Na tela do "smartphone", a função "ligar" é apenas uma das dezenas de "aplicativos" disponíveis para o usuário. Com uma lógica semelhante às "windows" do PC, tocando na tela com um dedo, é possível executar muitas funções que utilizam a versatilidade da potência junto com a capacidade da memória. O telefone não só se tornou apenas "smart", porque você pode usá-lo como uma calculadora ou bússola, como lanterna ou passagem de trem, mas também se tornou "sensível". Ele pode ouvir e, assim, sabe reproduzir todos os sons, como o pássaro-lira; pode ver tudo e assim reproduzir qualquer coisa.

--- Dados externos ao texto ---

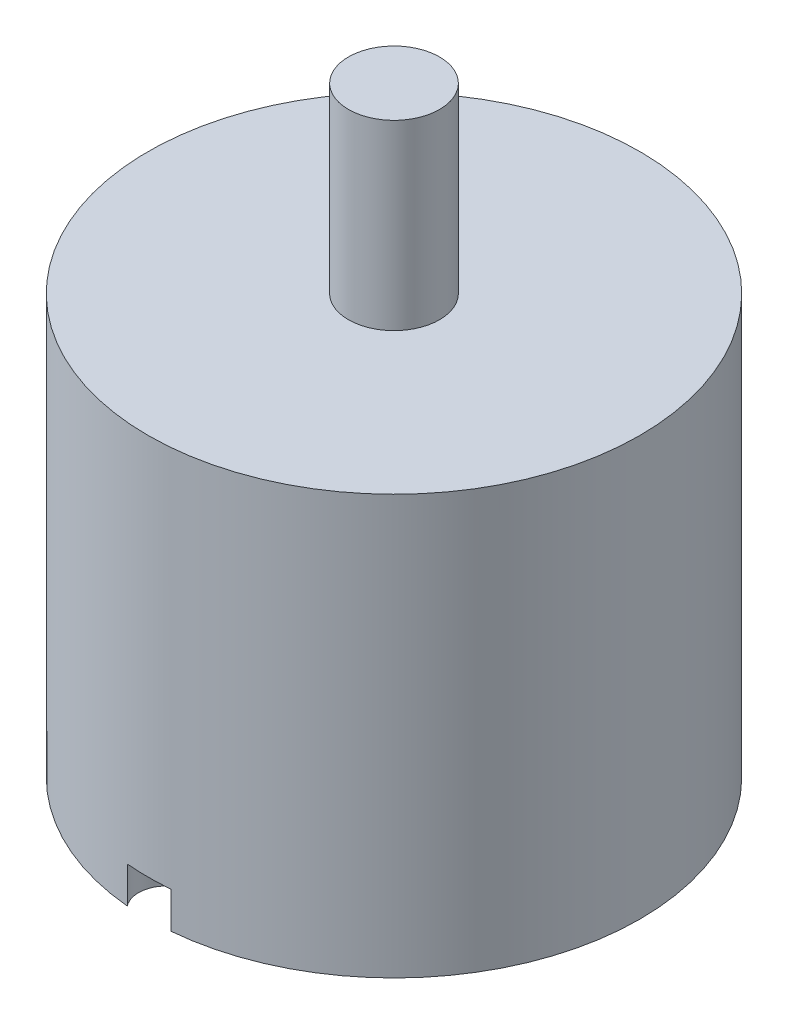
ISO-10303-21;
HEADER;
FILE_DESCRIPTION(('STEP AP214'),'2;1');
FILE_NAME('part.step','',(''),(''),'','','');
FILE_SCHEMA(('AUTOMOTIVE_DESIGN { 1 0 10303 214 1 1 1 1 }'));
ENDSEC;
DATA;
#1=APPLICATION_CONTEXT('core data for automotive mechanical design processes');
#2=APPLICATION_PROTOCOL_DEFINITION('international standard','automotive_design',2000,#1);
#3=PRODUCT_CONTEXT('',#1,'mechanical');
#4=PRODUCT('Part','Part','',(#3));
#5=PRODUCT_RELATED_PRODUCT_CATEGORY('part','',(#4));
#6=PRODUCT_DEFINITION_FORMATION('','',#4);
#7=PRODUCT_DEFINITION_CONTEXT('part definition',#1,'design');
#8=PRODUCT_DEFINITION('design','',#6,#7);
#9=PRODUCT_DEFINITION_SHAPE('','',#8);
#10=(LENGTH_UNIT() NAMED_UNIT(*) SI_UNIT(.MILLI.,.METRE.));
#11=(NAMED_UNIT(*) PLANE_ANGLE_UNIT() SI_UNIT($,.RADIAN.));
#12=(NAMED_UNIT(*) SI_UNIT($,.STERADIAN.) SOLID_ANGLE_UNIT());
#13=UNCERTAINTY_MEASURE_WITH_UNIT(LENGTH_MEASURE(1.E-05),#10,'distance_accuracy_value','');
#14=(GEOMETRIC_REPRESENTATION_CONTEXT(3) GLOBAL_UNCERTAINTY_ASSIGNED_CONTEXT((#13)) GLOBAL_UNIT_ASSIGNED_CONTEXT((#10,
#11,#12)) REPRESENTATION_CONTEXT('',''));
#15=CARTESIAN_POINT('',(0.,0.,0.));
#16=DIRECTION('',(0.,0.,1.));
#17=DIRECTION('',(1.,0.,0.));
#18=AXIS2_PLACEMENT_3D('',#15,#16,#17);
#19=CARTESIAN_POINT('',(0.,0.,0.));
#20=DIRECTION('',(0.,1.,0.));
#21=DIRECTION('',(0.,0.,1.));
#22=AXIS2_PLACEMENT_3D('',#19,#20,#21);
#23=PLANE('',#22);
#24=CARTESIAN_POINT('',(-9.4999937,0.,0.));
#25=DIRECTION('',(0.,-1.,0.));
#26=DIRECTION('',(0.,0.,1.));
#27=AXIS2_PLACEMENT_3D('',#24,#25,#26);
#28=CIRCLE('',#27,1.5);
#29=CARTESIAN_POINT('',(-9.4999937,0.,1.5));
#30=VERTEX_POINT('',#29);
#31=EDGE_CURVE('E269',#30,#30,#28,.T.);
#32=ORIENTED_EDGE('',*,*,#31,.F.);
#33=EDGE_LOOP('',(#32));
#34=FACE_BOUND('',#33,.T.);
#35=CARTESIAN_POINT('',(9.4999937,0.,0.));
#36=DIRECTION('',(0.,-1.,0.));
#37=DIRECTION('',(0.,0.,-1.));
#38=AXIS2_PLACEMENT_3D('',#35,#36,#37);
#39=CIRCLE('',#38,1.5);
#40=CARTESIAN_POINT('',(9.4999937,0.,-1.5));
#41=VERTEX_POINT('',#40);
#42=EDGE_CURVE('E120',#41,#41,#39,.T.);
#43=ORIENTED_EDGE('',*,*,#42,.F.);
#44=EDGE_LOOP('',(#43));
#45=FACE_BOUND('',#44,.T.);
#46=CARTESIAN_POINT('',(0.,0.,0.));
#47=DIRECTION('',(0.,1.,0.));
#48=DIRECTION('',(0.,0.,1.));
#49=AXIS2_PLACEMENT_3D('',#46,#47,#48);
#50=CIRCLE('',#49,13.499973);
#51=CARTESIAN_POINT('',(-1.19400142261471,0.,-13.447067769723));
#52=VERTEX_POINT('',#51);
#53=CARTESIAN_POINT('',(-1.19400142261471,0.,13.447067769723));
#54=VERTEX_POINT('',#53);
#55=EDGE_CURVE('E84',#52,#54,#50,.T.);
#56=ORIENTED_EDGE('',*,*,#55,.F.);
#57=CARTESIAN_POINT('',(0.,0.,-12.5000004));
#58=DIRECTION('',(0.,-1.,0.));
#59=DIRECTION('',(0.,0.,1.));
#60=AXIS2_PLACEMENT_3D('',#57,#58,#59);
#61=CIRCLE('',#60,1.524);
#62=CARTESIAN_POINT('',(1.19400142261471,0.,-13.447067769723));
#63=VERTEX_POINT('',#62);
#64=EDGE_CURVE('E72',#63,#52,#61,.T.);
#65=ORIENTED_EDGE('',*,*,#64,.F.);
#66=CARTESIAN_POINT('',(1.19400142261471,0.,13.447067769723));
#67=VERTEX_POINT('',#66);
#68=EDGE_CURVE('E90',#67,#63,#50,.T.);
#69=ORIENTED_EDGE('',*,*,#68,.F.);
#70=CARTESIAN_POINT('',(0.,0.,12.5000004));
#71=DIRECTION('',(0.,-1.,0.));
#72=DIRECTION('',(0.,0.,-1.));
#73=AXIS2_PLACEMENT_3D('',#70,#71,#72);
#74=CIRCLE('',#73,1.524);
#75=EDGE_CURVE('E89',#54,#67,#74,.T.);
#76=ORIENTED_EDGE('',*,*,#75,.F.);
#77=EDGE_LOOP('',(#56,#65,#69,#76));
#78=FACE_BOUND('',#77,.T.);
#79=CARTESIAN_POINT('',(0.,0.,0.));
#80=DIRECTION('',(0.,1.,0.));
#81=DIRECTION('',(0.,0.,1.));
#82=AXIS2_PLACEMENT_3D('',#79,#80,#81);
#83=CIRCLE('',#82,1.499997);
#84=CARTESIAN_POINT('',(0.,0.,1.499997));
#85=VERTEX_POINT('',#84);
#86=EDGE_CURVE('E100',#85,#85,#83,.F.);
#87=ORIENTED_EDGE('',*,*,#86,.F.);
#88=EDGE_LOOP('',(#87));
#89=FACE_BOUND('',#88,.T.);
#90=ADVANCED_FACE('F32',(#34,#45,#78,#89),#23,.F.);
#91=CARTESIAN_POINT('',(0.,23.0000048,0.));
#92=DIRECTION('',(0.,1.,0.));
#93=DIRECTION('',(0.,0.,1.));
#94=AXIS2_PLACEMENT_3D('',#91,#92,#93);
#95=PLANE('',#94);
#96=CARTESIAN_POINT('',(0.,23.0000048,0.));
#97=DIRECTION('',(0.,1.,0.));
#98=DIRECTION('',(0.,0.,1.));
#99=AXIS2_PLACEMENT_3D('',#96,#97,#98);
#100=CIRCLE('',#99,13.499973);
#101=CARTESIAN_POINT('',(0.,23.0000048,13.499973));
#102=VERTEX_POINT('',#101);
#103=EDGE_CURVE('E93',#102,#102,#100,.T.);
#104=ORIENTED_EDGE('',*,*,#103,.T.);
#105=EDGE_LOOP('',(#104));
#106=FACE_BOUND('',#105,.T.);
#107=CARTESIAN_POINT('',(0.,23.0000048,0.));
#108=DIRECTION('',(0.,1.,0.));
#109=DIRECTION('',(0.,0.,1.));
#110=AXIS2_PLACEMENT_3D('',#107,#108,#109);
#111=CIRCLE('',#110,2.5);
#112=CARTESIAN_POINT('',(0.,23.0000048,2.5));
#113=VERTEX_POINT('',#112);
#114=EDGE_CURVE('E95',#113,#113,#111,.T.);
#115=ORIENTED_EDGE('',*,*,#114,.F.);
#116=EDGE_LOOP('',(#115));
#117=FACE_BOUND('',#116,.T.);
#118=ADVANCED_FACE('F127',(#106,#117),#95,.T.);
#119=CARTESIAN_POINT('',(0.,23.0000048,0.));
#120=DIRECTION('',(0.,-1.,0.));
#121=DIRECTION('',(0.,0.,-1.));
#122=AXIS2_PLACEMENT_3D('',#119,#120,#121);
#123=CYLINDRICAL_SURFACE('',#122,13.499973);
#124=ORIENTED_EDGE('',*,*,#68,.T.);
#125=DIRECTION('',(0.,-1.,0.));
#126=VECTOR('',#125,1.);
#127=CARTESIAN_POINT('',(1.19400142261471,1.,-13.447067769723));
#128=LINE('',#127,#126);
#129=CARTESIAN_POINT('',(1.19400142261471,2.,-13.447067769723));
#130=VERTEX_POINT('',#129);
#131=EDGE_CURVE('E11',#63,#130,#128,.F.);
#132=ORIENTED_EDGE('',*,*,#131,.T.);
#133=CARTESIAN_POINT('',(0.,2.,0.));
#134=DIRECTION('',(0.,1.,0.));
#135=DIRECTION('',(0.,0.,1.));
#136=AXIS2_PLACEMENT_3D('',#133,#134,#135);
#137=CIRCLE('',#136,13.499973);
#138=CARTESIAN_POINT('',(-1.19400142261471,2.,-13.447067769723));
#139=VERTEX_POINT('',#138);
#140=EDGE_CURVE('E86',#130,#139,#137,.T.);
#141=ORIENTED_EDGE('',*,*,#140,.T.);
#142=DIRECTION('',(0.,-1.,0.));
#143=VECTOR('',#142,1.);
#144=CARTESIAN_POINT('',(-1.19400142261471,1.,-13.447067769723));
#145=LINE('',#144,#143);
#146=EDGE_CURVE('E40',#139,#52,#145,.T.);
#147=ORIENTED_EDGE('',*,*,#146,.T.);
#148=ORIENTED_EDGE('',*,*,#55,.T.);
#149=DIRECTION('',(0.,-1.,0.));
#150=VECTOR('',#149,1.);
#151=CARTESIAN_POINT('',(-1.19400142261471,1.,13.447067769723));
#152=LINE('',#151,#150);
#153=CARTESIAN_POINT('',(-1.19400142261471,2.,13.447067769723));
#154=VERTEX_POINT('',#153);
#155=EDGE_CURVE('E108',#54,#154,#152,.F.);
#156=ORIENTED_EDGE('',*,*,#155,.T.);
#157=CARTESIAN_POINT('',(0.,2.,0.));
#158=DIRECTION('',(0.,-1.,0.));
#159=DIRECTION('',(0.,0.,-1.));
#160=AXIS2_PLACEMENT_3D('',#157,#158,#159);
#161=CIRCLE('',#160,13.499973);
#162=CARTESIAN_POINT('',(1.19400142261471,2.,13.447067769723));
#163=VERTEX_POINT('',#162);
#164=EDGE_CURVE('E103',#163,#154,#161,.T.);
#165=ORIENTED_EDGE('',*,*,#164,.F.);
#166=DIRECTION('',(0.,-1.,0.));
#167=VECTOR('',#166,1.);
#168=CARTESIAN_POINT('',(1.19400142261471,1.,13.447067769723));
#169=LINE('',#168,#167);
#170=EDGE_CURVE('E105',#163,#67,#169,.T.);
#171=ORIENTED_EDGE('',*,*,#170,.T.);
#172=EDGE_LOOP('',(#124,#132,#141,#147,#148,#156,#165,#171));
#173=FACE_BOUND('',#172,.T.);
#174=ORIENTED_EDGE('',*,*,#103,.F.);
#175=EDGE_LOOP('',(#174));
#176=FACE_BOUND('',#175,.T.);
#177=ADVANCED_FACE('F34',(#173,#176),#123,.T.);
#178=CARTESIAN_POINT('',(0.,33.0000048,0.));
#179=DIRECTION('',(0.,-1.,0.));
#180=DIRECTION('',(0.,0.,-1.));
#181=AXIS2_PLACEMENT_3D('',#178,#179,#180);
#182=CYLINDRICAL_SURFACE('',#181,2.5);
#183=CARTESIAN_POINT('',(0.,33.0000048,0.));
#184=DIRECTION('',(0.,1.,0.));
#185=DIRECTION('',(0.,0.,1.));
#186=AXIS2_PLACEMENT_3D('',#183,#184,#185);
#187=CIRCLE('',#186,2.5);
#188=CARTESIAN_POINT('',(0.,33.0000048,2.5));
#189=VERTEX_POINT('',#188);
#190=EDGE_CURVE('E91',#189,#189,#187,.T.);
#191=ORIENTED_EDGE('',*,*,#190,.F.);
#192=EDGE_LOOP('',(#191));
#193=FACE_BOUND('',#192,.T.);
#194=ORIENTED_EDGE('',*,*,#114,.T.);
#195=EDGE_LOOP('',(#194));
#196=FACE_BOUND('',#195,.T.);
#197=ADVANCED_FACE('F125',(#193,#196),#182,.T.);
#198=CARTESIAN_POINT('',(0.,33.0000048,0.));
#199=DIRECTION('',(0.,1.,0.));
#200=DIRECTION('',(0.,0.,1.));
#201=AXIS2_PLACEMENT_3D('',#198,#199,#200);
#202=PLANE('',#201);
#203=ORIENTED_EDGE('',*,*,#190,.T.);
#204=EDGE_LOOP('',(#203));
#205=FACE_BOUND('',#204,.T.);
#206=ADVANCED_FACE('F140',(#205),#202,.T.);
#207=CARTESIAN_POINT('',(0.,-2.,0.));
#208=DIRECTION('',(0.,1.,0.));
#209=DIRECTION('',(0.,0.,1.));
#210=AXIS2_PLACEMENT_3D('',#207,#208,#209);
#211=CYLINDRICAL_SURFACE('',#210,1.499997);
#212=CARTESIAN_POINT('',(0.,-2.,0.));
#213=DIRECTION('',(0.,-1.,0.));
#214=DIRECTION('',(0.,0.,-1.));
#215=AXIS2_PLACEMENT_3D('',#212,#213,#214);
#216=CIRCLE('',#215,1.499997);
#217=CARTESIAN_POINT('',(0.,-2.,-1.499997));
#218=VERTEX_POINT('',#217);
#219=EDGE_CURVE('E113',#218,#218,#216,.T.);
#220=ORIENTED_EDGE('',*,*,#219,.F.);
#221=EDGE_LOOP('',(#220));
#222=FACE_BOUND('',#221,.T.);
#223=ORIENTED_EDGE('',*,*,#86,.T.);
#224=EDGE_LOOP('',(#223));
#225=FACE_BOUND('',#224,.T.);
#226=ADVANCED_FACE('F144',(#222,#225),#211,.T.);
#227=CARTESIAN_POINT('',(0.,-2.,0.));
#228=DIRECTION('',(0.,-1.,0.));
#229=DIRECTION('',(0.,0.,-1.));
#230=AXIS2_PLACEMENT_3D('',#227,#228,#229);
#231=PLANE('',#230);
#232=ORIENTED_EDGE('',*,*,#219,.T.);
#233=EDGE_LOOP('',(#232));
#234=FACE_BOUND('',#233,.T.);
#235=ADVANCED_FACE('F148',(#234),#231,.T.);
#236=CARTESIAN_POINT('',(0.,2.,12.5000004));
#237=DIRECTION('',(0.,-1.,0.));
#238=DIRECTION('',(0.,0.,-1.));
#239=AXIS2_PLACEMENT_3D('',#236,#237,#238);
#240=CYLINDRICAL_SURFACE('',#239,1.524);
#241=ORIENTED_EDGE('',*,*,#75,.T.);
#242=ORIENTED_EDGE('',*,*,#170,.F.);
#243=CARTESIAN_POINT('',(0.,2.,12.5000004));
#244=DIRECTION('',(0.,-1.,0.));
#245=DIRECTION('',(0.,0.,-1.));
#246=AXIS2_PLACEMENT_3D('',#243,#244,#245);
#247=CIRCLE('',#246,1.524);
#248=EDGE_CURVE('E53',#154,#163,#247,.T.);
#249=ORIENTED_EDGE('',*,*,#248,.F.);
#250=ORIENTED_EDGE('',*,*,#155,.F.);
#251=EDGE_LOOP('',(#241,#242,#249,#250));
#252=FACE_BOUND('',#251,.T.);
#253=ADVANCED_FACE('F112',(#252),#240,.F.);
#254=CARTESIAN_POINT('',(0.,2.,12.5000004));
#255=DIRECTION('',(0.,-1.,0.));
#256=DIRECTION('',(0.,0.,-1.));
#257=AXIS2_PLACEMENT_3D('',#254,#255,#256);
#258=PLANE('',#257);
#259=ORIENTED_EDGE('',*,*,#164,.T.);
#260=ORIENTED_EDGE('',*,*,#248,.T.);
#261=EDGE_LOOP('',(#259,#260));
#262=FACE_BOUND('',#261,.T.);
#263=ADVANCED_FACE('F155',(#262),#258,.T.);
#264=CARTESIAN_POINT('',(9.4999937,2.,0.));
#265=DIRECTION('',(0.,-1.,0.));
#266=DIRECTION('',(0.,0.,-1.));
#267=AXIS2_PLACEMENT_3D('',#264,#265,#266);
#268=CYLINDRICAL_SURFACE('',#267,1.5);
#269=CARTESIAN_POINT('',(9.4999937,2.,0.));
#270=DIRECTION('',(0.,-1.,0.));
#271=DIRECTION('',(0.,0.,-1.));
#272=AXIS2_PLACEMENT_3D('',#269,#270,#271);
#273=CIRCLE('',#272,1.5);
#274=CARTESIAN_POINT('',(9.4999937,2.,-1.5));
#275=VERTEX_POINT('',#274);
#276=EDGE_CURVE('E117',#275,#275,#273,.T.);
#277=ORIENTED_EDGE('',*,*,#276,.F.);
#278=EDGE_LOOP('',(#277));
#279=FACE_BOUND('',#278,.T.);
#280=ORIENTED_EDGE('',*,*,#42,.T.);
#281=EDGE_LOOP('',(#280));
#282=FACE_BOUND('',#281,.T.);
#283=ADVANCED_FACE('F158',(#279,#282),#268,.F.);
#284=CARTESIAN_POINT('',(9.4999937,2.,0.));
#285=DIRECTION('',(0.,-1.,0.));
#286=DIRECTION('',(0.,0.,-1.));
#287=AXIS2_PLACEMENT_3D('',#284,#285,#286);
#288=PLANE('',#287);
#289=ORIENTED_EDGE('',*,*,#276,.T.);
#290=EDGE_LOOP('',(#289));
#291=FACE_BOUND('',#290,.T.);
#292=ADVANCED_FACE('F161',(#291),#288,.T.);
#293=CARTESIAN_POINT('',(-9.4999937,2.,0.));
#294=DIRECTION('',(0.,-1.,0.));
#295=DIRECTION('',(0.,0.,-1.));
#296=AXIS2_PLACEMENT_3D('',#293,#294,#295);
#297=CYLINDRICAL_SURFACE('',#296,1.5);
#298=CARTESIAN_POINT('',(-9.4999937,2.,0.));
#299=DIRECTION('',(0.,-1.,0.));
#300=DIRECTION('',(0.,0.,1.));
#301=AXIS2_PLACEMENT_3D('',#298,#299,#300);
#302=CIRCLE('',#301,1.5);
#303=CARTESIAN_POINT('',(-9.4999937,2.,1.5));
#304=VERTEX_POINT('',#303);
#305=EDGE_CURVE('E268',#304,#304,#302,.T.);
#306=ORIENTED_EDGE('',*,*,#305,.F.);
#307=EDGE_LOOP('',(#306));
#308=FACE_BOUND('',#307,.T.);
#309=ORIENTED_EDGE('',*,*,#31,.T.);
#310=EDGE_LOOP('',(#309));
#311=FACE_BOUND('',#310,.T.);
#312=ADVANCED_FACE('F165',(#308,#311),#297,.F.);
#313=CARTESIAN_POINT('',(-9.4999937,2.,0.));
#314=DIRECTION('',(0.,1.,0.));
#315=DIRECTION('',(0.,0.,1.));
#316=AXIS2_PLACEMENT_3D('',#313,#314,#315);
#317=PLANE('',#316);
#318=ORIENTED_EDGE('',*,*,#305,.T.);
#319=EDGE_LOOP('',(#318));
#320=FACE_BOUND('',#319,.T.);
#321=ADVANCED_FACE('F169',(#320),#317,.F.);
#322=CARTESIAN_POINT('',(0.,2.,-12.5000004));
#323=DIRECTION('',(0.,-1.,0.));
#324=DIRECTION('',(0.,0.,-1.));
#325=AXIS2_PLACEMENT_3D('',#322,#323,#324);
#326=CYLINDRICAL_SURFACE('',#325,1.524);
#327=ORIENTED_EDGE('',*,*,#64,.T.);
#328=ORIENTED_EDGE('',*,*,#146,.F.);
#329=CARTESIAN_POINT('',(0.,2.,-12.5000004));
#330=DIRECTION('',(0.,-1.,0.));
#331=DIRECTION('',(0.,0.,1.));
#332=AXIS2_PLACEMENT_3D('',#329,#330,#331);
#333=CIRCLE('',#332,1.524);
#334=EDGE_CURVE('E46',#130,#139,#333,.T.);
#335=ORIENTED_EDGE('',*,*,#334,.F.);
#336=ORIENTED_EDGE('',*,*,#131,.F.);
#337=EDGE_LOOP('',(#327,#328,#335,#336));
#338=FACE_BOUND('',#337,.T.);
#339=ADVANCED_FACE('F74',(#338),#326,.F.);
#340=CARTESIAN_POINT('',(0.,2.,-12.5000004));
#341=DIRECTION('',(0.,1.,0.));
#342=DIRECTION('',(0.,0.,1.));
#343=AXIS2_PLACEMENT_3D('',#340,#341,#342);
#344=PLANE('',#343);
#345=ORIENTED_EDGE('',*,*,#334,.T.);
#346=ORIENTED_EDGE('',*,*,#140,.F.);
#347=EDGE_LOOP('',(#345,#346));
#348=FACE_BOUND('',#347,.T.);
#349=ADVANCED_FACE('F176',(#348),#344,.F.);
#350=CLOSED_SHELL('',(#90,#118,#177,#197,#206,#226,#235,#253,#263,#283,#292,#312,#321,#339,#349));
#351=MANIFOLD_SOLID_BREP('B2',#350);
#352=ADVANCED_BREP_SHAPE_REPRESENTATION('',(#18,#351),#14);
#353=SHAPE_DEFINITION_REPRESENTATION(#9,#352);
ENDSEC;
END-ISO-10303-21;

Recolhe muitas perguntas e elabora respostas não banais. Audição, visão e gestão de dados são garantidas com velocidade cada vez maior e precisão cada vez mais surpreendente. A qualidade dos microfones e alto-falantes, câmeras e telas é cada vez maior, a velocidade de processamento e cálculo dos processadores cada vez mais instantânea. Assim, a mediação, aliás objetivamente bastante invasiva, quase tende a desaparecer, torna-se imediata. O smartphone, o telefone inteligente, é o novo imediatismo, maravilhoso e ao mesmo tempo perigoso. Introduz uma "forma telefônica do mundo" que renova e coloca à dura prova os hábitos humanos, destacando novas possibilidades juntamente com antigas fragilidades. Alguns exemplos podem ser interessantes:
a) Viva-voz como voz alta. Pode-se observar, em geral, que o tom de voz nas pessoas sem smartphones é culturalmente determinado. Há aqueles que estão acostumados a falar sempre em voz baixa e aqueles que usam, mesmo em público, um volume de comunicação vocal muito mais alto. Mas se introduzirmos a variável "smartphone", eis que novas possibilidades se manifestam. Quem grita normalmente, grita muito mais ao telefone. E pode fazer isso com um fone de ouvido, com o efeito semelhante ao primeiro capítulo do Senhor Mani de A. Yohshua: você apenas ouve parte do diálogo, mas também entende os detalhes de toda a conversa. No entanto, o máximo do efeito telefônico "smart" é atingido quando o "falante", não contente em infligir suas opiniões sobre o novo ministro ou sobre seu antigo treinador, também acrescenta, no viva voz e com a devida permissão, a opinião de seu amável interlocutor. Tudo isso, obviamente, no silêncio do avião que acaba de aterrissar, com o restabelecimento recém feito das conexões e a possibilidade de revelar a todos, com um coro a duas vozes, a verdade sobre o novo chefe do dicastério ou a razão da posição no ranking do time no campeonato.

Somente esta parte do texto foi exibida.